AW pointed out that I was clearly pretty naive in terms of what modern monitoring tools could do, and should do more research there: On first blush, this really feels naïve as to the state of the art of monitoring tools, especially in the commercial space where a lot of machine learning is starting to take shape (e.g., Netuitive, Circonus, probably Rocana, etc, etc). Clearly I have to do this...

(Artwork: 3Dom in St Werburgh's)


  1. I can see this approach as very beneficial for testing non-functional requirements and side effects that aren't directly visible in the user-facing API footprint. Many of the examples in the article fit this mold. (What were the actual HTTP calls generated by seeks and reads? Did the app master receive a particular event?)

    Another classic example comes from JDBC applications: did we remember to close the connection after a query? This won't be directly visible to callers of a CRUD application, but it's incredibly important for application stability to prevent connection leaks. This can be checked by injecting mocks, but heavy mocking always strays from production reality and risks tightly coupling tests to today's specific implementation, which might evolve. With the metrics approach, we could publish metrics for connection open and connection close, and assert the two are the same after a test run.

    It appears the criticisms are more focused on deciding the exact structure of the metrics, not the fundamental concept of testing with metrics. I'll be curious to see that Confluent blog post too.

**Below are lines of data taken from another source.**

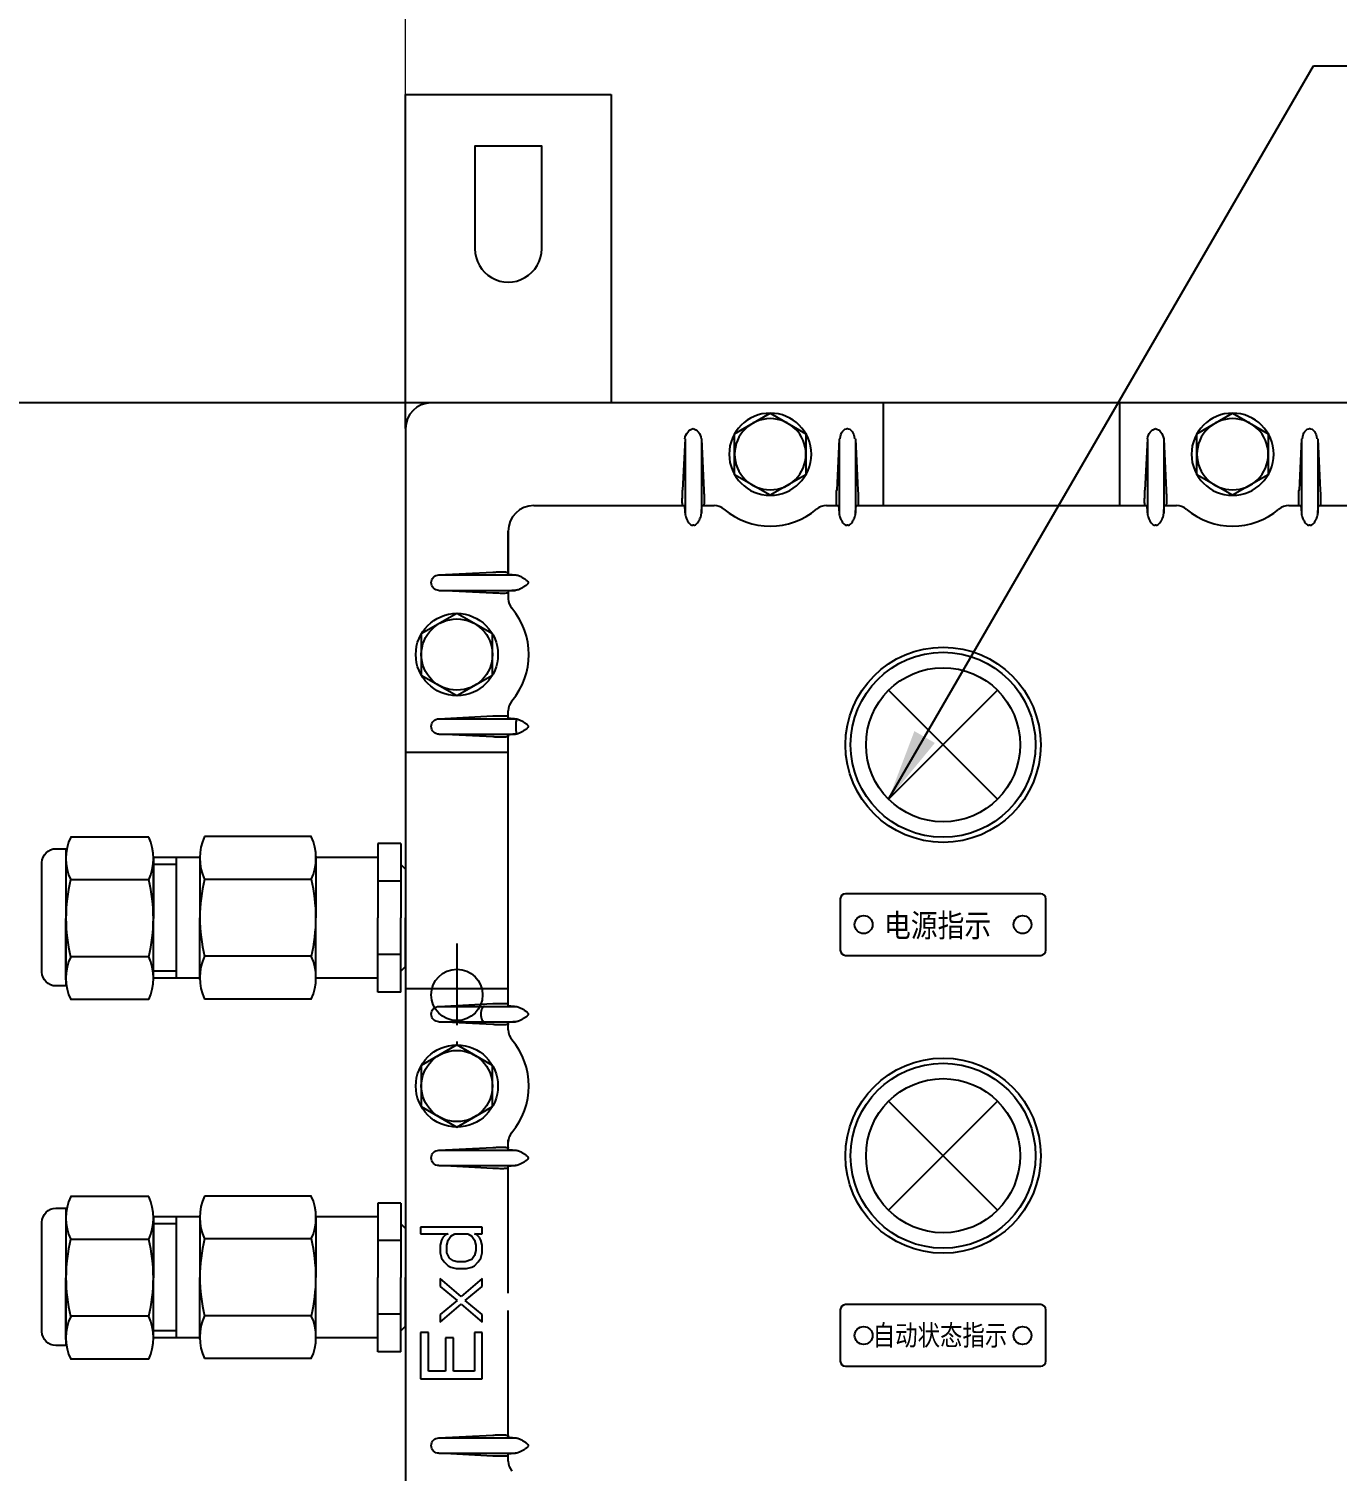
# Model space of a CAD drawing. Extents: x -13620 to 9472, y -41784 to 1902.
# Drawn here: x -954.6 to -699.9, y -40591 to -40310.2 of the extents above; entities that cross this region are included whole.
import ezdxf

# ---------------------------------------------------------------- set-up
doc = ezdxf.new("R2010")
doc.units = 0
doc.header["$LTSCALE"] = 0.5
doc.header["$MEASUREMENT"] = 0
doc.header["$PDMODE"] = 2
doc.header["$PDSIZE"] = -1000
doc.linetypes.add('CENTER', pattern=[50.8, 31.75, -6.35, 6.35, -6.35])
doc.linetypes.add('HIDDEN', pattern=[0.375, 0.25, -0.125])
doc.layers.get('0').update_dxf_attribs({"linetype": 'CONTINUOUS'})
doc.layers.get('DEFPOINTS').update_dxf_attribs({"linetype": 'CONTINUOUS'})
doc.layers.add('3 DIM', color=4, linetype='CONTINUOUS', lineweight=13)
for name, color, linetype in [('CEN', 1, 'CENTER'), ('DIM', 4, 'CONTINUOUS'), ('TEXT', 7, 'HIDDEN')]:
    doc.layers.add(name, color=color, linetype=linetype)
doc.styles.add('FS', font='')
doc.styles.add('ROMAND', font='romand.shx')
doc.styles.get("Standard").update_dxf_attribs({"font": 'isocp.shx', "width": 0.707, "bigfont": 'hztxt.shx'})
doc.styles.add('样式 1', font='')
doc.styles.get('FS').set_extended_font_data('SimSun')
doc.styles.get('样式 1').set_extended_font_data('SimSun')
doc.dimstyles.new('副本ISO-25', dxfattribs={"dimtxt": 15, "dimasz": 15, "dimexe": 7.5, "dimexo": 5, "dimgap": 5, "dimtad": 1, "dimtoh": 1, "dimdec": 1, "dimdsep": 46, "dimtxsty": 'ROMAND', "dimcen": 2.5, "dimadec": 0, "dimazin": 0, "dimtfac": 1, "dimtdec": 1, "dimtmove": 0, "dimatfit": 3, "dimfxl": 1, "dimarcsym": 0})
doc.dimstyles.new('常用14', dxfattribs={"dimtxt": 14, "dimasz": 14, "dimexe": 3.5, "dimexo": 0, "dimgap": 3.5, "dimtad": 1, "dimtoh": 1, "dimdec": 5, "dimdsep": 46, "dimtxsty": 'Standard', "dimcen": 14, "dimadec": 0, "dimazin": 2, "dimtfac": 1, "dimtdec": 5, "dimtmove": 0, "dimatfit": 3, "dimfxl": 1, "dimtfill": 1, "dimtfillclr": 256, "dimarcsym": 0})
doc.dimstyles.new('机械标注4$0', dxfattribs={"dimscale": 15, "dimtxt": 2.5, "dimasz": 2.5, "dimexe": 1.5, "dimexo": 0, "dimgap": 1, "dimtad": 1, "dimdec": 4, "dimdsep": 46, "dimlunit": 6, "dimtxsty": 'FS', "dimcen": -2, "dimclrd": 4, "dimclre": 4, "dimclrt": 4, "dimadec": 0, "dimazin": 0, "dimtfac": 1.5, "dimtdec": 4, "dimtmove": 0, "dimatfit": 0, "dimfxl": 1, "dimtolj": 1, "dimtzin": 0, "dimlwd": 9, "dimlwe": 9, "dimarcsym": 0})

# ---------------------------------------------------------------- blocks, each defined once
blk = doc.blocks.new('M8.G3')
blk.add_lwpolyline([(8, 0), (4, 6.93), (-4, 6.93), (-8, 0), (-4, -6.93), (4, -6.93)], close=True)
for radius in [8, 6.93]:
    blk.add_circle((0, 0), radius)
blk = doc.blocks.new('ASWQDER')
at = {"linetype": 'Continuous'}
for p, q in [((299240.87, -1489.99), (298900.87, -1489.99)), ((299131.87, -1489.99), (299131.87, -1509.99)), ((299177.87, -1489.99), (299177.87, -1509.99)), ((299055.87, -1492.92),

    Thanks for the article. I'm going to keep this in mind and explore if I can make use of it myself.

  2. Update: reviewing this based on more experience, there's one other limitation: brittleness of assertions to changes in the implementation.

    If your tests count things like number of HTTP requests made when you open a file, optimisations to reduce the # of those requests cause the tests to fail. To an extent, that's correct: its detecting a change which could be a sign of a regression. It just complicates S3Guard, where some assertions now end up being disabled when s3guard is enabled...the S3A client is going to DDB rather than S3, so the # of requests depends on the client configuration.

    There's hints of the mocking problem there, but not quite as bad. With mocking, you have to update the mock and assertions whenever the implementation changes. Here, there's no mock to try and keep in sync, only assertions whose failure needs to be looked at and changed if they are now obsolete


Comments are usually moderated -sorry.